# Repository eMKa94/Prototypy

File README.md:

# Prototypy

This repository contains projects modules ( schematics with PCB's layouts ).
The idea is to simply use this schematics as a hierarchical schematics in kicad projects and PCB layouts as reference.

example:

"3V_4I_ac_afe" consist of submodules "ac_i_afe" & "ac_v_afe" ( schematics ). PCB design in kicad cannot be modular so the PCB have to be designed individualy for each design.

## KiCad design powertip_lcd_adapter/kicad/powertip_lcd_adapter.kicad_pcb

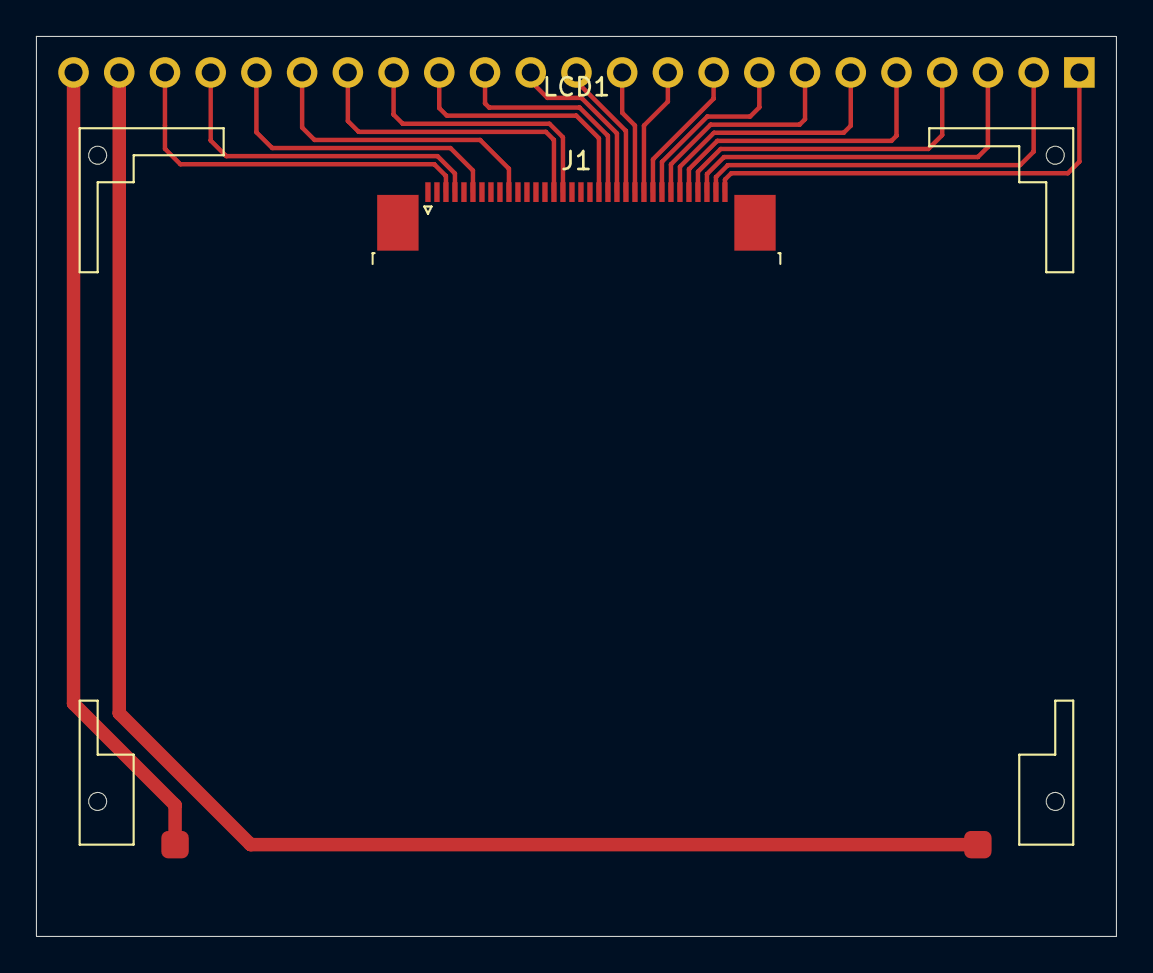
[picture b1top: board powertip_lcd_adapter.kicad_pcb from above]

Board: 2 copper layers, 60.0 x 50.0 mm, 3 parts (1 on the bottom side), 23 nets.

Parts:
J1: Conn_01x34; TE_3-1734839-4_1x34-1MP_P0.5mm_Horizontal
J2: Conn_01x23; PinHeader_1x23_P2.54mm_Vertical
LCD1: lcd_module; LCD_PE12864WRF-055-H-Q

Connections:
/A: J2.22, LCD1.2
/A_0: J1.32, J2.3
/C86: J1.4, J2.20
/CS_1: J1.34, J2.1
/D_0: J1.29, J2.6
/D_1: J1.28, J2.7
/D_2: J1.27, J2.8
/D_3: J1.26, J2.9
/D_4: J1.25, J2.10
/D_5: J1.24, J2.11
/D_6: J1.23, J2.12
/D_7: J1.22, J2.13
/K: J2.23, LCD1.1
/P_S: J1.3, J2.21
/RD: J1.30, J2.5
/RST: J1.33, J2.2
/VDD: J1.21, J2.14
/VG: J1.6, J2.19
/VM: J1.10, J2.18
/VSS: J1.20, J2.15
/V_0: J1.16, J2.16
/WR: J1.31, J2.4
/XV_0: J1.15, J2.17

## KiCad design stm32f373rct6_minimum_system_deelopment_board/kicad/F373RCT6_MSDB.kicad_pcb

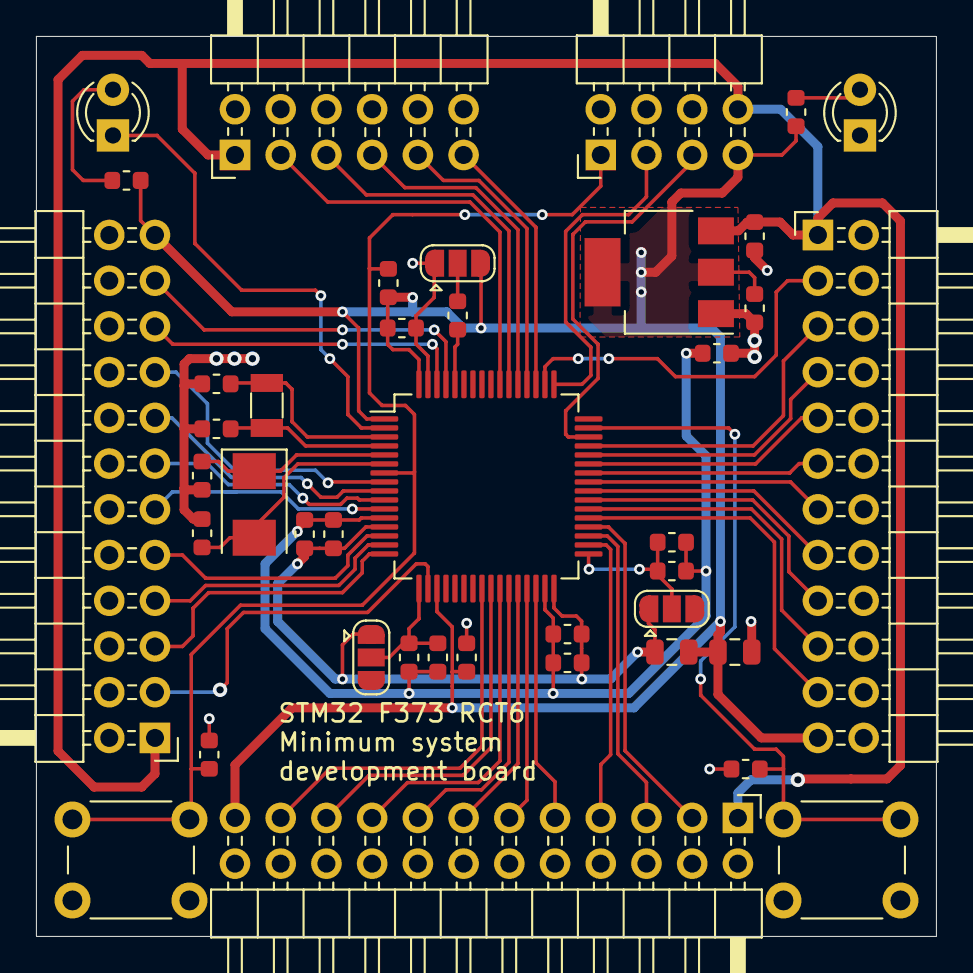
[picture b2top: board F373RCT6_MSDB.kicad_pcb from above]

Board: 2 copper layers, 50.0 x 50.0 mm, 41 parts (0 on the bottom side), 55 nets.

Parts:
C1, C8, C10, C12, C17: 10n; C_0603_1608Metric
C2, C3: 22p; C_0603_1608Metric
C4, C5: 12p; C_0603_1608Metric
C6, C9, C11, C13, C18: 1u; C_0603_1608Metric
C7, C14, C15, C19: 100n; C_0603_1608Metric
C16: 4,7u; C_0805_2012Metric
D1, D2: LED; LED_D3.0mm
J1: Conn_02x04_Odd_Even; PinHeader_2x04_P2.54mm_Horizontal
J2: Conn_02x06_Odd_Even; PinHeader_2x06_P2.54mm_Horizontal
J3, J4, J5: Conn_02x12_Odd_Even; PinHeader_2x12_P2.54mm_Horizontal
JP1: Jumper_VREFSD; SolderJumper-3_P1.3mm_Open_RoundedPad1.0x1.5mm
JP2: Jumper_VREF; SolderJumper-3_P1.3mm_Open_RoundedPad1.0x1.5mm
JP3: Jumper_BOOT0; SolderJumper-3_P1.3mm_Open_RoundedPad1.0x1.5mm
L1: 10u; L_0805_2012Metric
R1, R2: 10K; R_0603_1608Metric
R3: 0; R_0603_1608Metric
R4, R5: 510; R_0603_1608Metric
SW1: SW_RESET; SW_PUSH_6mm_H7.3mm
SW2: SW_F6; SW_PUSH_6mm_H7.3mm
U1: STM32F373RCTx; LQFP-64_10x10mm_P0.5mm
U2: LM1117-3.3; SOT-223-3_TabPin2
Y1: 8M; Crystal_SMD_5032-2Pin_5.0x3.2mm
Y2: 32768; Crystal_SMD_3215-2Pin_3.2x1.5mm

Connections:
+5V: C17.1, J1.8, J2.1, J3.1, J4.1, J5.1, U2.3
/A_0: J3.9, U1.14
/A_1: J3.7, U1.15
/A_2: J3.5, U1.16
/A_3: J3.3, U1.18
/A_8: J5.13, U1.41
/A_9: J5.11, U1.42
/A_10: J5.9, U1.43
/A_11: J5.7, U1.44
/A_12: J5.5, U1.45
/A_15: J5.3, U1.50
/B_0: J4.17, U1.26
/B_1: J4.15, U1.27
/B_2: J4.13, U1.28
/B_3: J2.3, U1.55
/B_8: J3.21, U1.61
/B_9: J3.19, U1.62
/B_14: J4.7, U1.34
/B_15: J4.5, U1.35
/C_0: J3.17, U1.8
/C_1: J3.15, U1.9
/C_2: J3.13, U1.10
/C_3: J3.11, U1.11
/C_4: J4.21, U1.24
/C_5: J4.19, U1.25
/C_6: J5.21, U1.37
/C_7: J5.19, U1.38
/C_8: J5.17, U1.39
/C_9: J5.15, U1.40
/C_10: J2.11, U1.51
/C_11: J2.9, U1.52
/C_12: J2.7, U1.53
/C_13: D1.1, U1.2
/D_2: J2.5, U1.54
/D_8: J4.3, U1.36
/E_8: J4.11, U1.29
/E_9: J4.9, U1.30
/F_6: C19.2, SW2.1, U1.47
/STM32F373RCT6/BOOT0: JP3.2, R1.1
/STM32F373RCT6/GNDA: C1.2, C6.2, C8.2, C9.2, C10.2, C11.2, C12.2, C13.2, R3.2, U1.12, U1.31
/STM32F373RCT6/VDDA: C1.1, C6.1, C8.1, C9.1, JP1.1, JP2.1, L1.1, U1.13, U1.32
/STM32F373RCT6/VREF+: C12.1, C13.1, JP2.2, U1.17
/STM32F373RCT6/VREFSD+: C10.1, C11.1, JP1.2, U1.33
/SWD_CLK: J1.3, U1.49
/SWD_DIO: J1.5, U1.46
/~uC_RESET: C7.2, J1.1, R2.1, SW1.1, U1.7
GND: C2.2, C3.2, C4.2, C5.2, C7.1, C14.2, C15.2, C16.2, C17.2, C18.2, C19.1, D2.1, J1.2, J1.4, J1.6, J2.2, J2.4, J2.6, J2.8, J2.10, J2.12, J3.2, J3.4, J3.6, J3.8, J3.10, J3.12, J3.14, J3.16, J3.18, J3.20, J3.22, J3.24, J4.2, J4.4, J4.6, J4.8, J4.10, J4.12, J4.14, J4.16, J4.18, J4.20, J4.22, J4.24, J5.2, J5.4, J5.6, J5.8, J5.10, J5.12, J5.14, J5.16, J5.18, J5.20, J5.22, J5.24, JP3.1, R3.1, SW1.2, SW2.2, U1.63, U2.1
unnamed: C2.1, U1.5, Y1.1
unnamed: C3.1, U1.6, Y1.2
unnamed: C4.1, U1.3, Y2.1
unnamed: C5.1, U1.4, Y2.2
unnamed: D1.2, R4.2
unnamed: D2.2, R5.2
unnamed: R1.2, U1.60
VDD: C14.1, C15.1, C16.1, C18.1, J1.7, J3.23, J4.23, J5.23, JP3.3, L1.2, R2.2, R4.1, R5.1, U1.1, U1.19, U1.64, U2.2

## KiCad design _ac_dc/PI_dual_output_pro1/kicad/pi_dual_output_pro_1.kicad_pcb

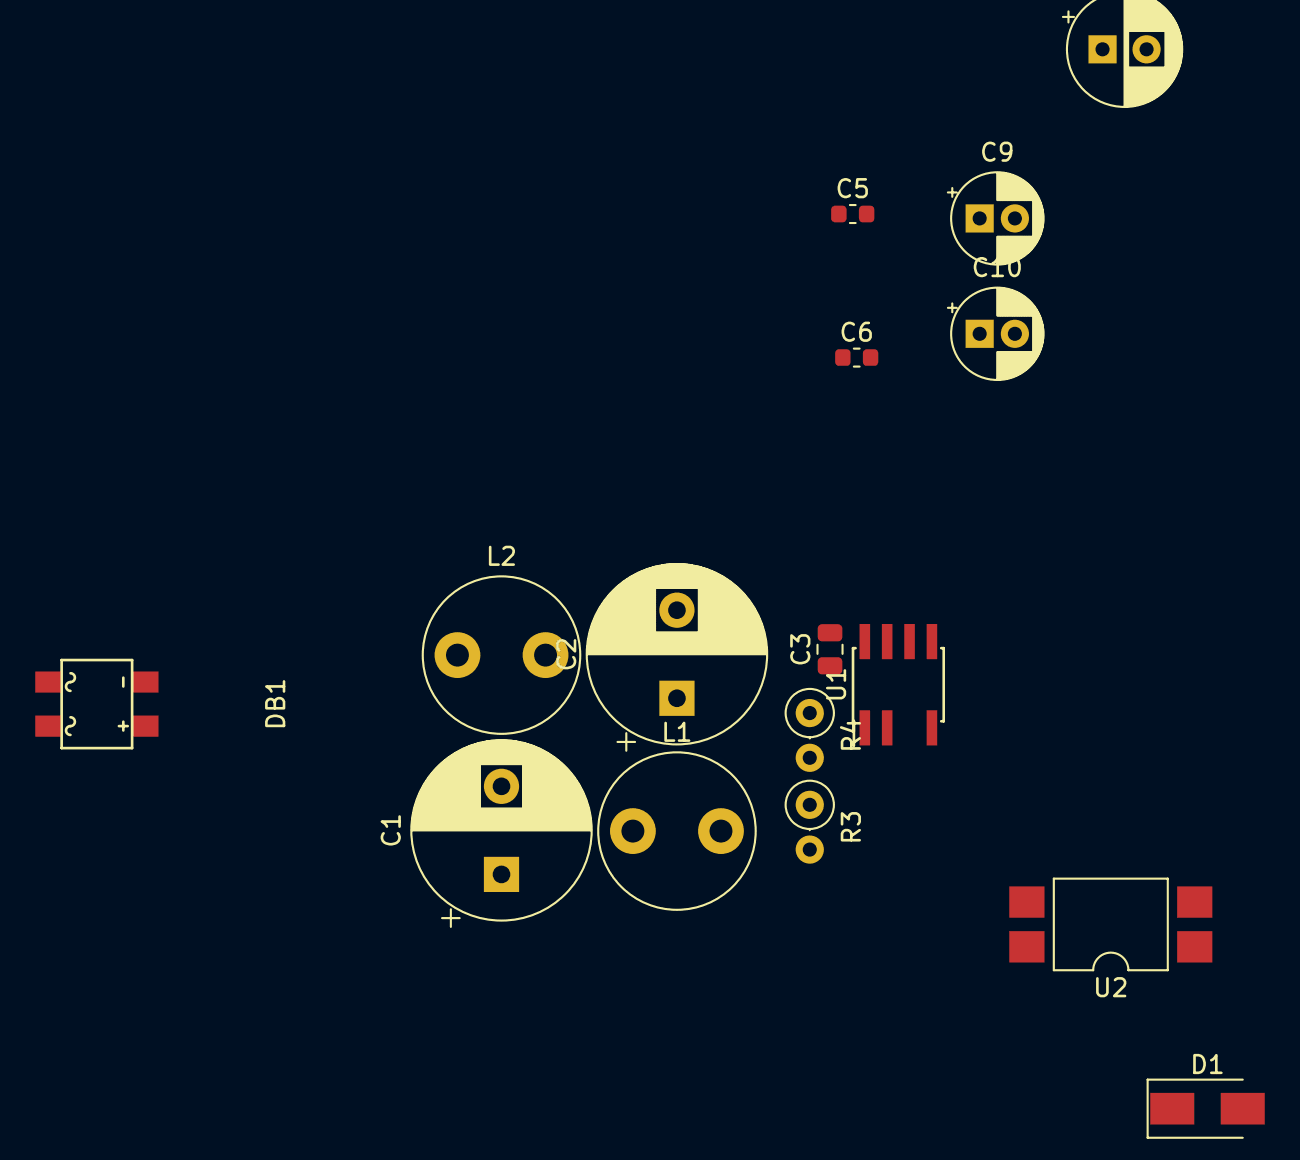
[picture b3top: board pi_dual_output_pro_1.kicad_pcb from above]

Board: 2 copper layers, 16 parts (0 on the bottom side), 9 nets, no tracks yet.

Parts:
C1, C2: 6,8u; CP_Radial_D10.0mm_P5.00mm
C3: 10u; C_0805_2012Metric
C5, C6: 560p; C_0603_1608Metric
C7: 220u; CP_Radial_D6.3mm_P2.50mm
C9, C10: 100u; CP_Radial_D5.0mm_P2.00mm
D1: SMB6F100AY; D_SMA
DB1: D_Bridge_AA+-; MiniDIP
L1, L2: 1m; L_Radial_D8.7mm_P5.00mm_Fastron_07HCP
R3, R4: 2M; R_Axial_DIN0207_L6.3mm_D2.5mm_P2.54mm_Vertical
U1: TNY285D; PowerIntegrations_SO-8C
U2: LTV-817S; SMDIP-4_W9.53mm

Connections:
/hv_dc_+: C1.1, DB1.3, L1.1
/hv_dc_-: C1.2, DB1.4, L2.1
unnamed: C2.1, D1.1, L1.2, R3.2
unnamed: C2.2, C3.2, L2.2, U1.5, U1.6, U1.7, U1.8, U2.3
unnamed: C3.1, U1.2
unnamed: C5.1, C7.1
unnamed: C7.2, C9.2
unnamed: R3.1, R4.2
unnamed: R4.1, U1.1, U2.4

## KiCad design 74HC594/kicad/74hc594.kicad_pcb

• Try it:
From the records above, reproduce exactly the lines from the one with "J1: Conn_02x04_Odd_Even; PinHeader_2x04_P2.54mm_Horizontal" to the one with "SW2: SW_F6; SW_PUSH_6mm_H7.3mm", both included, and no others.

• Task answer:
J1: Conn_02x04_Odd_Even; PinHeader_2x04_P2.54mm_Horizontal
J2: Conn_02x06_Odd_Even; PinHeader_2x06_P2.54mm_Horizontal
J3, J4, J5: Conn_02x12_Odd_Even; PinHeader_2x12_P2.54mm_Horizontal
JP1: Jumper_VREFSD; SolderJumper-3_P1.3mm_Open_RoundedPad1.0x1.5mm
JP2: Jumper_VREF; SolderJumper-3_P1.3mm_Open_RoundedPad1.0x1.5mm
JP3: Jumper_BOOT0; SolderJumper-3_P1.3mm_Open_RoundedPad1.0x1.5mm
L1: 10u; L_0805_2012Metric
R1, R2: 10K; R_0603_1608Metric
R3: 0; R_0603_1608Metric
R4, R5: 510; R_0603_1608Metric
SW1: SW_RESET; SW_PUSH_6mm_H7.3mm
SW2: SW_F6; SW_PUSH_6mm_H7.3mm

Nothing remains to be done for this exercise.